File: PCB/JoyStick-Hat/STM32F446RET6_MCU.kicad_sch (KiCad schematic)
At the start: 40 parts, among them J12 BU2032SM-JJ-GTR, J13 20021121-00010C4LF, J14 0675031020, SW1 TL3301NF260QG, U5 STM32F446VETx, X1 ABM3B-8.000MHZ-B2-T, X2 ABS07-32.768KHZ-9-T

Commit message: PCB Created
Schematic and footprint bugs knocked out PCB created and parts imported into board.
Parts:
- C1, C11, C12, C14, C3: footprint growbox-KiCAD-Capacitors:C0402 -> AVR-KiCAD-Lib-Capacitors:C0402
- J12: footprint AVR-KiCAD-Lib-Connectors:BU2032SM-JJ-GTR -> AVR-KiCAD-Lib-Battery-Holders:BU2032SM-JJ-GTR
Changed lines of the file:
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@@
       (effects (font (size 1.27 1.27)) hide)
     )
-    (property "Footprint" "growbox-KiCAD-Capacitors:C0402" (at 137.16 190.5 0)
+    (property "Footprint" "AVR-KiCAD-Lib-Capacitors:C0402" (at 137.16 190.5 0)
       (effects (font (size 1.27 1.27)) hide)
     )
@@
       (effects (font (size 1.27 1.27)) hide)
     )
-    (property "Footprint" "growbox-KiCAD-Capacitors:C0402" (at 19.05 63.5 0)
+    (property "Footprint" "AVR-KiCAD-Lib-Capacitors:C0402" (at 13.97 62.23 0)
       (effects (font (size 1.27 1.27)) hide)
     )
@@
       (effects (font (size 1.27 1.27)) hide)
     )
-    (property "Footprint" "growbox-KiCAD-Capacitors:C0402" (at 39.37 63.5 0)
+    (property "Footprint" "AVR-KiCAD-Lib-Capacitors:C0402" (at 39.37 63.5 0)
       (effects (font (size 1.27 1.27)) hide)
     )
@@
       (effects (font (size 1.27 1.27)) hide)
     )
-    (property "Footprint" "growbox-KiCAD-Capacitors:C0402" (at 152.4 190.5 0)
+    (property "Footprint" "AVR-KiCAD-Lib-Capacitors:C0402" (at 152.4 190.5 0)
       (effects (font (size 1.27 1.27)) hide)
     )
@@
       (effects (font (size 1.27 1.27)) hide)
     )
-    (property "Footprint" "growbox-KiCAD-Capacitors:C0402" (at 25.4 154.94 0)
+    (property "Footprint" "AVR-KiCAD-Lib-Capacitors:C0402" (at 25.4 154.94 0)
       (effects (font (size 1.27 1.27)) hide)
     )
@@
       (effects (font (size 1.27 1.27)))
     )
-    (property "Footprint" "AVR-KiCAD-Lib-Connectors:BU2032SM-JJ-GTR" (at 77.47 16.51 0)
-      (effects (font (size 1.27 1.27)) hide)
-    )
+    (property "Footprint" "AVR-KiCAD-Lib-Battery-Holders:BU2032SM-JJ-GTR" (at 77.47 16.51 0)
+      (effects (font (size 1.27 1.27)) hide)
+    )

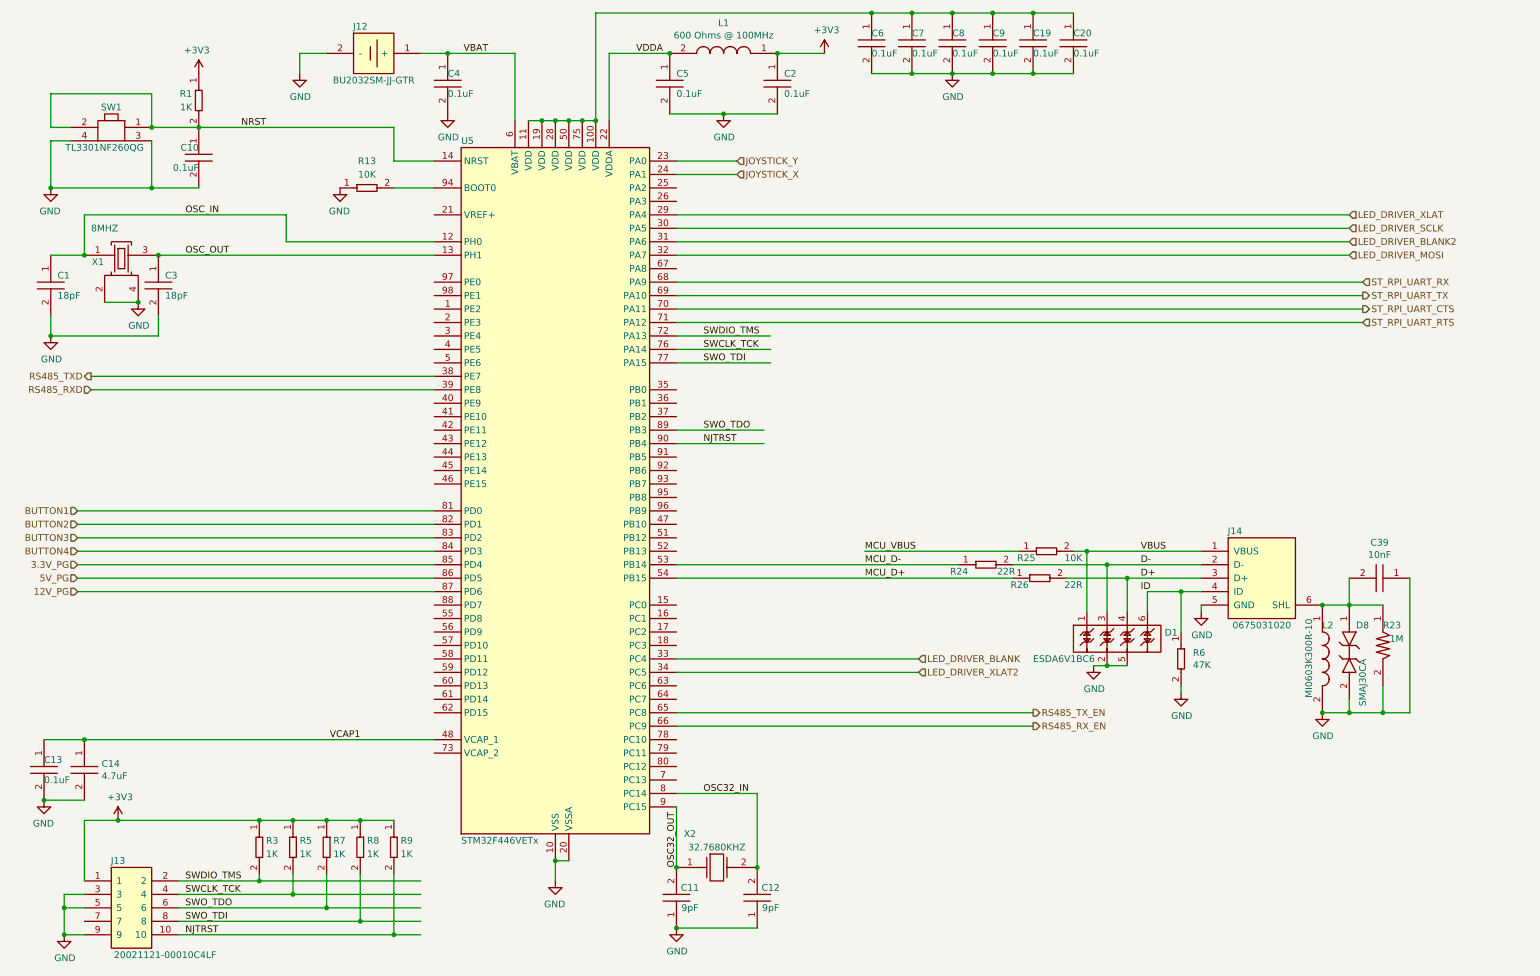
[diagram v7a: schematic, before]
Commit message: LEDs and Additional connectors
Added heartbeat and diagnostic LEDs to STM32 and RPi3 schematics so we can directly flash them for debug purposes. Added a connector for serial port diagnostics on STM32. Added rotary switch interface for STM32 and added pullups to button connectors.
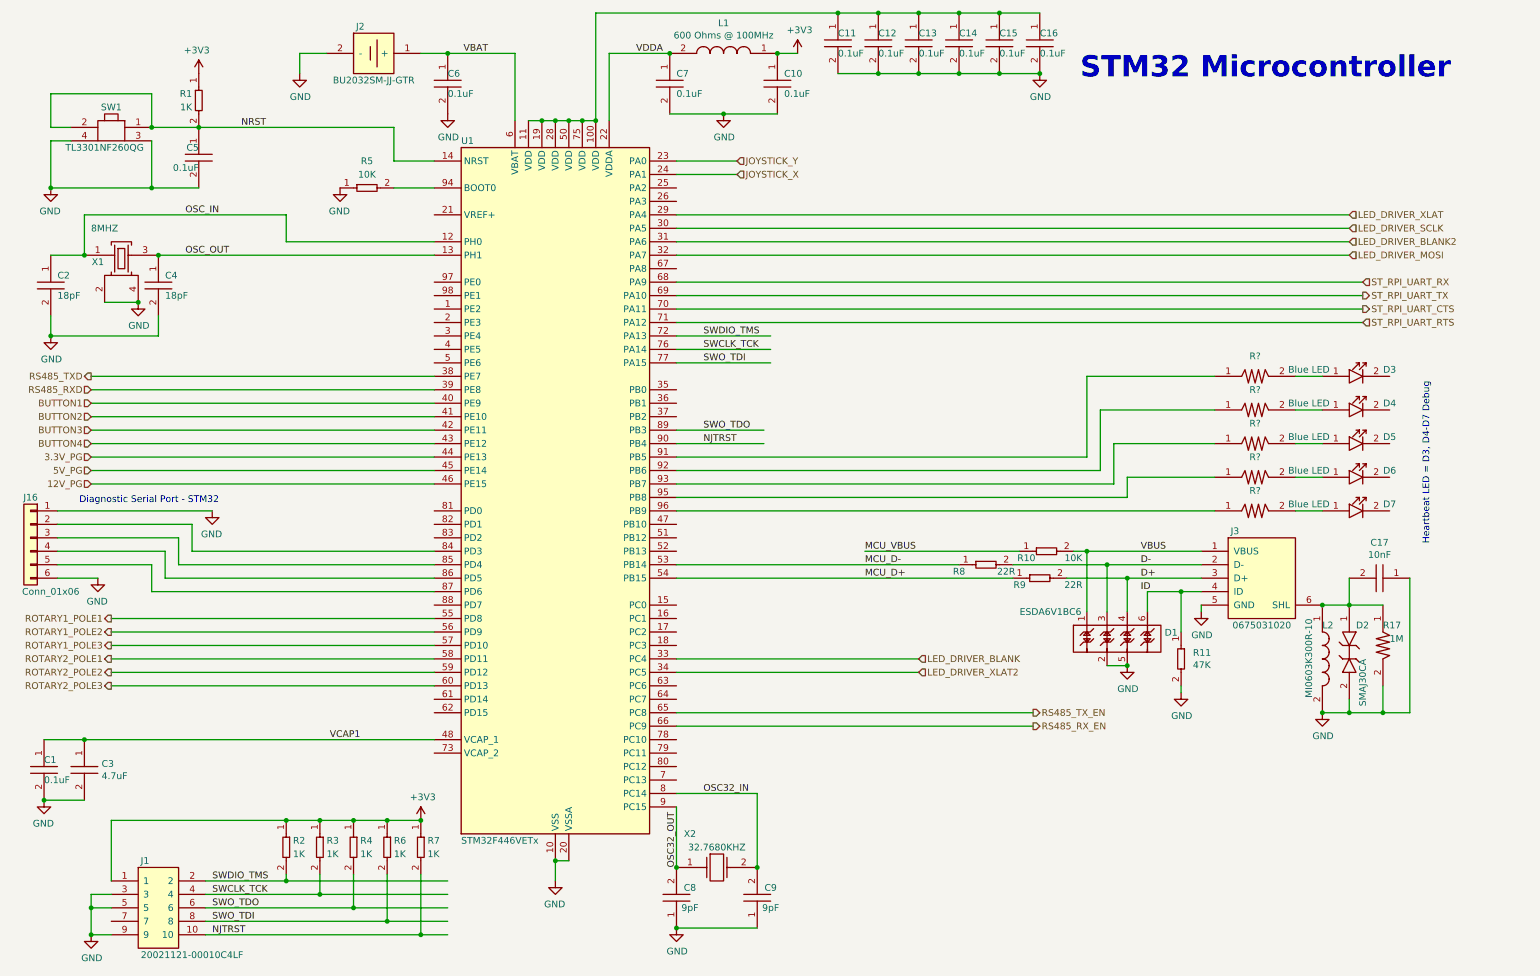
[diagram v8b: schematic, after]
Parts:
- added D3, D4, D5, D6, D7: LTST-C194TBKT, AVR-KiCAD-Lib-Diodes:LED0603, symbol AVR-KiCAD-Lib-Diodes:LTST-C194TBKT
- added J16: Conn_01x06, Connector_PinHeader_2.54mm:PinHeader_1x06_P2.54mm_Vertical, symbol Connector_Generic:Conn_01x06
- added R? (x5): RC0603FR-07470RL, AVR-KiCAD-Lib-Resistors:R0603, symbol AVR-KiCAD-Lib-Resistors:RC0603FR-07470RL
- renumbered C13 to C1, C2 to C10, C6 to C11, C7 to C12, C8 to C13, C9 to C14, C19 to C15, C20 to C16, C39 to C17, C1 to C2, C14 to C3, C3 to C4, C10 to C5, C4 to C6, C5 to C7, C11 to C8, C12 to C9, D8 to D2, J13 to J1, J12 to J2, J14 to J3, R25 to R10, R6 to R11, R23 to R17, R3 to R2, R5 to R3, R7 to R4, R13 to R5, R8 to R6, R9 to R7, R24 to R8, R26 to R9, U5 to U1
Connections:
- net 12V_PG: now also U1.46 (PE15); no longer U1.87 (PD6)
- net 3.3V_PG: now also U1.44 (PE13); no longer U1.85 (PD4)
- net 5V_PG: now also U1.45 (PE14); no longer U1.86 (PD5)
- net BUTTON1: now also U1.40 (PE9); no longer U1.81 (PD0)
- net BUTTON2: now also U1.41 (PE10); no longer U1.82 (PD1)
- net BUTTON3: now also U1.42 (PE11); no longer U1.83 (PD2)
- net BUTTON4: now also U1.43 (PE12); no longer U1.84 (PD3)
- net GND: now also J16.1 (Pin_1), J16.6 (Pin_6)
- net ROTARY1_POLE1: now reaches U1.55 (PD8)
- net ROTARY1_POLE2: now reaches U1.56 (PD9)
- net ROTARY1_POLE3: now reaches U1.57 (PD10)
- net ROTARY2_POLE1: now reaches U1.58 (PD11)
- net ROTARY2_POLE2: now reaches U1.59 (PD12)
- net ROTARY2_POLE3: now reaches U1.60 (PD13)
- net at U1.91 (PB5): now also R?.1
- net at U1.92 (PB6): now also R?.1
- net at U1.93 (PB7): now also R?.1
- net at U1.95 (PB8): now also R?.1
- net at U1.96 (PB9): now also R?.1
- new net: D3.1, R?.2
- new net: D7.1, R?.2
- new net: D5.1, R?.2
- new net: D6.1, R?.2
- new net: J16.2 (Pin_2), U1.84 (PD3)
- new net: J16.3 (Pin_3), U1.85 (PD4)
- new net: J16.4 (Pin_4), U1.86 (PD5)
- new net: J16.5 (Pin_5), U1.87 (PD6)
- new net: D4.1, R?.2
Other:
- note added: "Diagnostic Serial Port - STM32"
- note added: "Heartbeat LED = D3, D4-D7 Debug"
- note added: "STM32 Microcontroller"
- moved on the sheet: C11, C12, C13, C14, C15, C16, J1, R2, R3, R4, R6, R7
* * * * * * * * *
- Instructions to follow -
Copy here each line of the preceding records with "Capacitors" in it.

- Written reply -
- C1, C11, C12, C14, C3: footprint growbox-KiCAD-Capacitors:C0402 -> AVR-KiCAD-Lib-Capacitors:C0402
-    (property "Footprint" "growbox-KiCAD-Capacitors:C0402" (at 137.16 190.5 0)
+    (property "Footprint" "AVR-KiCAD-Lib-Capacitors:C0402" (at 137.16 190.5 0)
-    (property "Footprint" "growbox-KiCAD-Capacitors:C0402" (at 19.05 63.5 0)
+    (property "Footprint" "AVR-KiCAD-Lib-Capacitors:C0402" (at 13.97 62.23 0)
-    (property "Footprint" "growbox-KiCAD-Capacitors:C0402" (at 39.37 63.5 0)
+    (property "Footprint" "AVR-KiCAD-Lib-Capacitors:C0402" (at 39.37 63.5 0)
-    (property "Footprint" "growbox-KiCAD-Capacitors:C0402" (at 152.4 190.5 0)
+    (property "Footprint" "AVR-KiCAD-Lib-Capacitors:C0402" (at 152.4 190.5 0)
-    (property "Footprint" "growbox-KiCAD-Capacitors:C0402" (at 25.4 154.94 0)
+    (property "Footprint" "AVR-KiCAD-Lib-Capacitors:C0402" (at 25.4 154.94 0)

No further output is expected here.